Data extracted from a collection
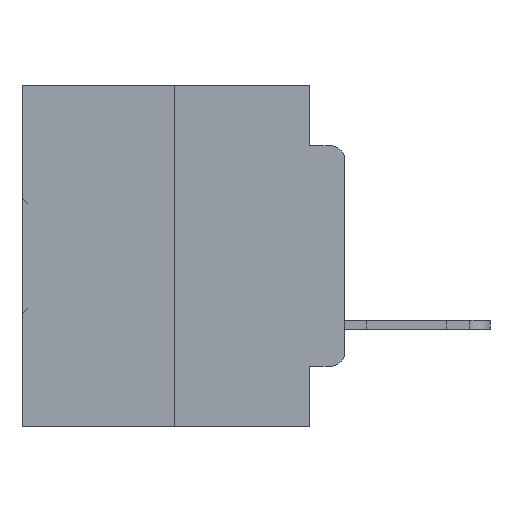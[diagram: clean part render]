
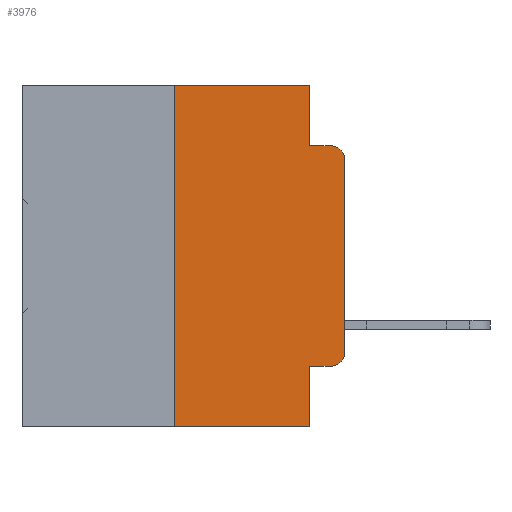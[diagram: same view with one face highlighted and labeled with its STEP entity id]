
A CAD part, left-side view. The second image highlights one B-rep face of the part: STEP entity #3976.
In plain terms, the highlighted planar face has unit normal (-1, 0, 0).
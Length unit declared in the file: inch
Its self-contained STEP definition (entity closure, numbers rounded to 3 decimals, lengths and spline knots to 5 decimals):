
#309 = LINE ( 'NONE', #21165, #14956 ) ;
#1665 = VECTOR ( 'NONE', #22682, 39.37008 ) ;
#1772 = EDGE_CURVE ( 'NONE', #21609, #14376, #34424, .T. ) ;
#2410 = DIRECTION ( 'NONE',  ( -1., 0., 0. ) ) ;
#2987 = CARTESIAN_POINT ( 'NONE',  ( 0., 0.02, -0.3915 ) ) ;
#3062 = ORIENTED_EDGE ( 'NONE', *, *, #3777, .F. ) ;
#3627 = VECTOR ( 'NONE', #15730, 39.37008 ) ;
#3777 = EDGE_CURVE ( 'NONE', #14086, #23462, #29972, .T. ) ;
#3976 = ADVANCED_FACE ( 'NONE', ( #17419 ), #23619, .F. ) ;
#4007 = CIRCLE ( 'NONE', #16503, 0.02 ) ;
#4617 = DIRECTION ( 'NONE',  ( 0., -1., 0. ) ) ;
#5194 = VERTEX_POINT ( 'NONE', #10661 ) ;
#6078 = DIRECTION ( 'NONE',  ( 0., 0., -1. ) ) ;
#7749 = CARTESIAN_POINT ( 'NONE',  ( 0., 0., -0.1085 ) ) ;
#7860 = ORIENTED_EDGE ( 'NONE', *, *, #26105, .T. ) ;
#7965 = VERTEX_POINT ( 'NONE', #33356 ) ;
#9451 = VERTEX_POINT ( 'NONE', #7749 ) ;
#10661 = CARTESIAN_POINT ( 'NONE',  ( 0., 0., -0.3915 ) ) ;
#11384 = VERTEX_POINT ( 'NONE', #31674 ) ;
#11931 = EDGE_CURVE ( 'NONE', #14086, #14376, #31312, .T. ) ;
#12170 = CARTESIAN_POINT ( 'NONE',  ( 0., 0.051, -0.4115 ) ) ;
#12472 = CARTESIAN_POINT ( 'NONE',  ( 0., 0.25, 0. ) ) ;
#12799 = DIRECTION ( 'NONE',  ( 0., 0., -1. ) ) ;
#13022 = EDGE_LOOP ( 'NONE', ( #22945, #7860, #28603, #24339, #28685, #3062, #23287, #17834, #18280, #29991 ) ) ;
#13105 = CARTESIAN_POINT ( 'NONE',  ( 0., 0.473, 0. ) ) ;
#13392 = VECTOR ( 'NONE', #15818, 39.37008 ) ;
#14086 = VERTEX_POINT ( 'NONE', #22971 ) ;
#14376 = VERTEX_POINT ( 'NONE', #15281 ) ;
#14463 = CARTESIAN_POINT ( 'NONE',  ( 0., 0.02, -0.0885 ) ) ;
#14956 = VECTOR ( 'NONE', #23853, 39.37008 ) ;
#15149 = CARTESIAN_POINT ( 'NONE',  ( 0., 0.051, 0. ) ) ;
#15281 = CARTESIAN_POINT ( 'NONE',  ( 0., 0.051, -0.5 ) ) ;
#15373 = EDGE_CURVE ( 'NONE', #21781, #11384, #25031, .T. ) ;
#15730 = DIRECTION ( 'NONE',  ( 0., 0., -1. ) ) ;
#15818 = DIRECTION ( 'NONE',  ( 0., -1., 0. ) ) ;
#16503 = AXIS2_PLACEMENT_3D ( 'NONE', #19415, #2410, #22156 ) ;
#17059 = DIRECTION ( 'NONE',  ( 0., -1., 0. ) ) ;
#17111 = CARTESIAN_POINT ( 'NONE',  ( 0., 0.473, -0.5 ) ) ;
#17122 = CIRCLE ( 'NONE', #21887, 0.02 ) ;
#17419 = FACE_OUTER_BOUND ( 'NONE', #13022, .T. ) ;
#17834 = ORIENTED_EDGE ( 'NONE', *, *, #1772, .F. ) ;
#18280 = ORIENTED_EDGE ( 'NONE', *, *, #25042, .T. ) ;
#19415 = CARTESIAN_POINT ( 'NONE',  ( 0., 0.02, -0.1085 ) ) ;
#19683 = CARTESIAN_POINT ( 'NONE',  ( 0., 0.051, 0. ) ) ;
#21165 = CARTESIAN_POINT ( 'NONE',  ( 0., 0.051, -0.4115 ) ) ;
#21246 = LINE ( 'NONE', #25774, #34355 ) ;
#21452 = LINE ( 'NONE', #13105, #13392 ) ;
#21609 = VERTEX_POINT ( 'NONE', #12170 ) ;
#21781 = VERTEX_POINT ( 'NONE', #26376 ) ;
#21887 = AXIS2_PLACEMENT_3D ( 'NONE', #2987, #22684, #6078 ) ;
#22156 = DIRECTION ( 'NONE',  ( 0., 0., -1. ) ) ;
#22682 = DIRECTION ( 'NONE',  ( 0., 0., 1. ) ) ;
#22684 = DIRECTION ( 'NONE',  ( -1., 0., 0. ) ) ;
#22945 = ORIENTED_EDGE ( 'NONE', *, *, #34100, .T. ) ;
#22971 = CARTESIAN_POINT ( 'NONE',  ( 0., 0.25, -0.5 ) ) ;
#23272 = EDGE_CURVE ( 'NONE', #7965, #5194, #17122, .T. ) ;
#23287 = ORIENTED_EDGE ( 'NONE', *, *, #11931, .T. ) ;
#23462 = VERTEX_POINT ( 'NONE', #12472 ) ;
#23590 = DIRECTION ( 'NONE',  ( 1., 0., 0. ) ) ;
#23619 = PLANE ( 'NONE',  #29066 ) ;
#23853 = DIRECTION ( 'NONE',  ( 0., -1., 0. ) ) ;
#24014 = CARTESIAN_POINT ( 'NONE',  ( 0., 0.051, -0.0885 ) ) ;
#24289 = DIRECTION ( 'NONE',  ( 0., 0., -1. ) ) ;
#24339 = ORIENTED_EDGE ( 'NONE', *, *, #15373, .F. ) ;
#24408 = EDGE_CURVE ( 'NONE', #11384, #32665, #25444, .T. ) ;
#25031 = LINE ( 'NONE', #15149, #3627 ) ;
#25042 = EDGE_CURVE ( 'NONE', #21609, #7965, #309, .T. ) ;
#25137 = CARTESIAN_POINT ( 'NONE',  ( 0., 0.25, 0. ) ) ;
#25444 = LINE ( 'NONE', #24014, #31193 ) ;
#25774 = CARTESIAN_POINT ( 'NONE',  ( 0., 0., 0. ) ) ;
#26105 = EDGE_CURVE ( 'NONE', #9451, #32665, #4007, .T. ) ;
#26376 = CARTESIAN_POINT ( 'NONE',  ( 0., 0.051, 0. ) ) ;
#26650 = VECTOR ( 'NONE', #24289, 39.37008 ) ;
#28298 = DIRECTION ( 'NONE',  ( 0., 0., 1. ) ) ;
#28603 = ORIENTED_EDGE ( 'NONE', *, *, #24408, .F. ) ;
#28685 = ORIENTED_EDGE ( 'NONE', *, *, #30464, .F. ) ;
#29066 = AXIS2_PLACEMENT_3D ( 'NONE', #30916, #23590, #12799 ) ;
#29972 = LINE ( 'NONE', #25137, #1665 ) ;
#29991 = ORIENTED_EDGE ( 'NONE', *, *, #23272, .T. ) ;
#30464 = EDGE_CURVE ( 'NONE', #23462, #21781, #21452, .T. ) ;
#30916 = CARTESIAN_POINT ( 'NONE',  ( 0., 0.473, 0. ) ) ;
#31193 = VECTOR ( 'NONE', #4617, 39.37008 ) ;
#31312 = LINE ( 'NONE', #17111, #32022 ) ;
#31674 = CARTESIAN_POINT ( 'NONE',  ( 0., 0.051, -0.0885 ) ) ;
#32022 = VECTOR ( 'NONE', #17059, 39.37008 ) ;
#32665 = VERTEX_POINT ( 'NONE', #14463 ) ;
#33356 = CARTESIAN_POINT ( 'NONE',  ( 0., 0.02, -0.4115 ) ) ;
#34100 = EDGE_CURVE ( 'NONE', #5194, #9451, #21246, .T. ) ;
#34355 = VECTOR ( 'NONE', #28298, 39.37008 ) ;
#34424 = LINE ( 'NONE', #19683, #26650 ) ;
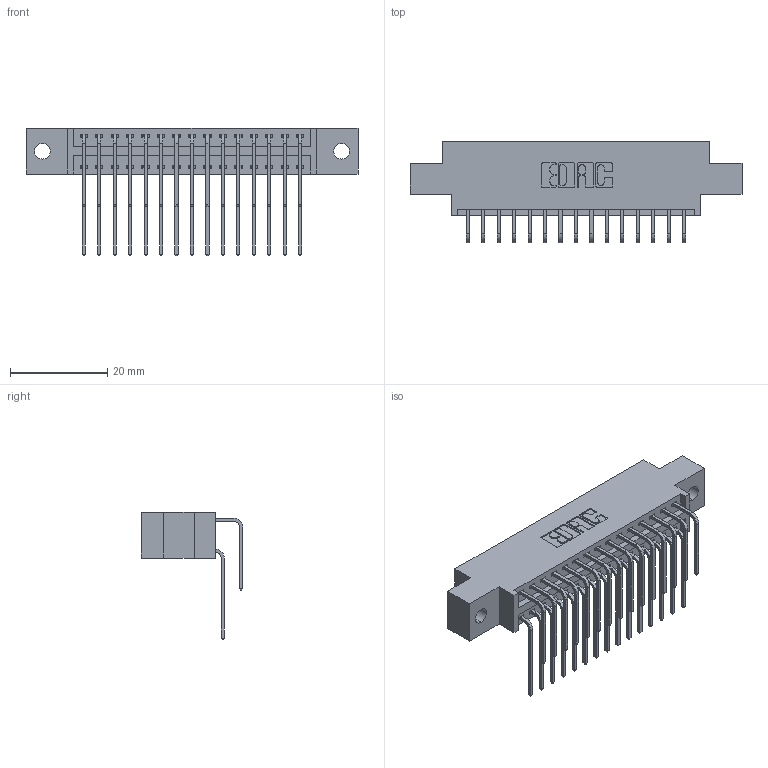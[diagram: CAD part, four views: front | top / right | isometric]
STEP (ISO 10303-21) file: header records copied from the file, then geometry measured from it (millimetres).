
FILE_DESCRIPTION (( 'STEP AP203' ), '1' );
FILE_NAME ('396-030-559-802.STEP', '2018-09-05T08:13:22', ( '' ), ( '' ), 'SwSTEP 2.0', 'SolidWorks 2016', '' );
FILE_SCHEMA (( 'CONFIG_CONTROL_DESIGN' ));
Length unit declared in the file: inch
Products named in the file (4): 346 Part_0.170 Offset - 0.128 Dia; 345-292-001_558 559 Tail - 1; 345-292-001_559 Tail - 2; 396-030-559-802
Assembly tree (31 placements, depth 2):
  396-030-559-802
    346 Part_0.170 Offset - 0.128 Dia
    345-292-001_558 559 Tail - 1  x15
    345-292-001_559 Tail - 2  x15
Bounding box: 68.2 x 20.89 x 26.16 mm (x, y, z)
Volume: 6422.3 mm3; surface area: 9144.1 mm2
Topology: 31 solids, 31 shells, 1746 faces, 5171 edges, 3406 vertices
Faces by surface type: plane 1190, cylinder 556
Entity records: 15343 total; most frequent: CARTESIAN_POINT 2619, ORIENTED_EDGE 2502, DIRECTION 2331, EDGE_CURVE 1251, LINE 1019, VECTOR 1019, VERTEX_POINT 830, AXIS2_PLACEMENT_3D 656
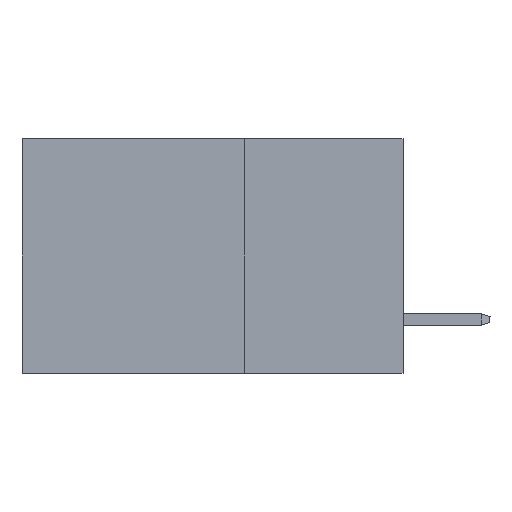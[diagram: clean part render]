
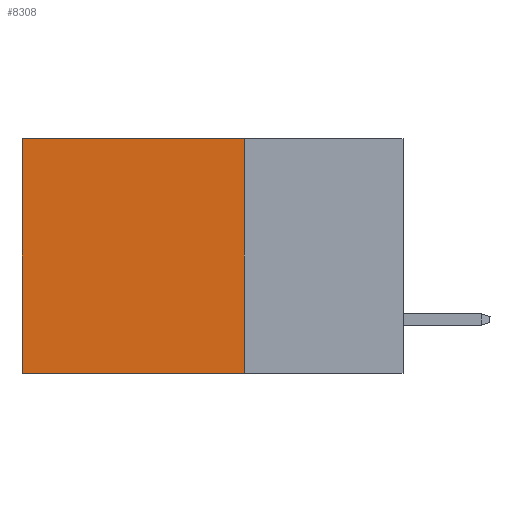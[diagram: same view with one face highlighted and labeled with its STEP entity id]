
A CAD part, left-side view. The second image highlights one B-rep face of the part: STEP entity #8308.
In plain terms, the highlighted planar face has unit normal (-1, 0, 0).
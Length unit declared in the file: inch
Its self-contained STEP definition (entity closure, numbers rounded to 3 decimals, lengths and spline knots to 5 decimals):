
#180 = CARTESIAN_POINT ( 'NONE',  ( 0.2875, 0.6, 0. ) ) ;
#886 = DIRECTION ( 'NONE',  ( 0., 0., -1. ) ) ;
#1331 = LINE ( 'NONE', #8179, #8039 ) ;
#1417 = ORIENTED_EDGE ( 'NONE', *, *, #12170, .T. ) ;
#1450 = DIRECTION ( 'NONE',  ( 0., 0., -1. ) ) ;
#1570 = VECTOR ( 'NONE', #7730, 39.37008 ) ;
#1717 = EDGE_CURVE ( 'NONE', #3730, #8593, #9621, .T. ) ;
#2527 = EDGE_CURVE ( 'NONE', #10322, #8593, #11252, .T. ) ;
#2760 = PLANE ( 'NONE',  #10645 ) ;
#2842 = CARTESIAN_POINT ( 'NONE',  ( 0.2875, 0.25, 0. ) ) ;
#3730 = VERTEX_POINT ( 'NONE', #180 ) ;
#4619 = VECTOR ( 'NONE', #1450, 39.37008 ) ;
#5056 = VECTOR ( 'NONE', #8343, 39.37008 ) ;
#5530 = FACE_OUTER_BOUND ( 'NONE', #10785, .T. ) ;
#7166 = DIRECTION ( 'NONE',  ( 0., 1., 0. ) ) ;
#7542 = CARTESIAN_POINT ( 'NONE',  ( 0.2875, 0.6, 0. ) ) ;
#7730 = DIRECTION ( 'NONE',  ( 0., 0., -1. ) ) ;
#7842 = CARTESIAN_POINT ( 'NONE',  ( 0.2875, 0.6, -0.37 ) ) ;
#7998 = ORIENTED_EDGE ( 'NONE', *, *, #2527, .F. ) ;
#8039 = VECTOR ( 'NONE', #7166, 39.37008 ) ;
#8104 = CARTESIAN_POINT ( 'NONE',  ( 0.2875, 0.25, 0. ) ) ;
#8159 = CARTESIAN_POINT ( 'NONE',  ( 0.2875, 0.25, -0.37 ) ) ;
#8179 = CARTESIAN_POINT ( 'NONE',  ( 0.2875, 0.25, 0. ) ) ;
#8308 = ADVANCED_FACE ( 'NONE', ( #5530 ), #2760, .F. ) ;
#8343 = DIRECTION ( 'NONE',  ( 0., 1., 0. ) ) ;
#8593 = VERTEX_POINT ( 'NONE', #7842 ) ;
#9289 = CARTESIAN_POINT ( 'NONE',  ( 0.2875, 0.25, -0.37 ) ) ;
#9621 = LINE ( 'NONE', #7542, #1570 ) ;
#10322 = VERTEX_POINT ( 'NONE', #8159 ) ;
#10645 = AXIS2_PLACEMENT_3D ( 'NONE', #2842, #12323, #886 ) ;
#10731 = CARTESIAN_POINT ( 'NONE',  ( 0.2875, 0.25, 0. ) ) ;
#10785 = EDGE_LOOP ( 'NONE', ( #12053, #7998, #11089, #1417 ) ) ;
#11078 = LINE ( 'NONE', #8104, #4619 ) ;
#11089 = ORIENTED_EDGE ( 'NONE', *, *, #11565, .F. ) ;
#11252 = LINE ( 'NONE', #9289, #5056 ) ;
#11565 = EDGE_CURVE ( 'NONE', #12347, #10322, #11078, .T. ) ;
#12053 = ORIENTED_EDGE ( 'NONE', *, *, #1717, .T. ) ;
#12170 = EDGE_CURVE ( 'NONE', #12347, #3730, #1331, .T. ) ;
#12323 = DIRECTION ( 'NONE',  ( 1., 0., 0. ) ) ;
#12347 = VERTEX_POINT ( 'NONE', #10731 ) ;

* [WORK TO COMPLETE] Each line in the entries above, starting at the line with "#14463 = CARTESIAN_POINT" and ending at the line with "#21781 = VERTEX_POINT ( 'NONE', #26376 ) ;", is to be printed exactly, and only those lines.

* [ANSWER AREA]
#14463 = CARTESIAN_POINT ( 'NONE',  ( 0., 0.02, -0.0885 ) ) ;
#14956 = VECTOR ( 'NONE', #23853, 39.37008 ) ;
#15149 = CARTESIAN_POINT ( 'NONE',  ( 0., 0.051, 0. ) ) ;
#15281 = CARTESIAN_POINT ( 'NONE',  ( 0., 0.051, -0.5 ) ) ;
#15373 = EDGE_CURVE ( 'NONE', #21781, #11384, #25031, .T. ) ;
#15730 = DIRECTION ( 'NONE',  ( 0., 0., -1. ) ) ;
#15818 = DIRECTION ( 'NONE',  ( 0., -1., 0. ) ) ;
#16503 = AXIS2_PLACEMENT_3D ( 'NONE', #19415, #2410, #22156 ) ;
#17059 = DIRECTION ( 'NONE',  ( 0., -1., 0. ) ) ;
#17111 = CARTESIAN_POINT ( 'NONE',  ( 0., 0.473, -0.5 ) ) ;
#17122 = CIRCLE ( 'NONE', #21887, 0.02 ) ;
#17419 = FACE_OUTER_BOUND ( 'NONE', #13022, .T. ) ;
#17834 = ORIENTED_EDGE ( 'NONE', *, *, #1772, .F. ) ;
#18280 = ORIENTED_EDGE ( 'NONE', *, *, #25042, .T. ) ;
#19415 = CARTESIAN_POINT ( 'NONE',  ( 0., 0.02, -0.1085 ) ) ;
#19683 = CARTESIAN_POINT ( 'NONE',  ( 0., 0.051, 0. ) ) ;
#21165 = CARTESIAN_POINT ( 'NONE',  ( 0., 0.051, -0.4115 ) ) ;
#21246 = LINE ( 'NONE', #25774, #34355 ) ;
#21452 = LINE ( 'NONE', #13105, #13392 ) ;
#21609 = VERTEX_POINT ( 'NONE', #12170 ) ;
#21781 = VERTEX_POINT ( 'NONE', #26376 ) ;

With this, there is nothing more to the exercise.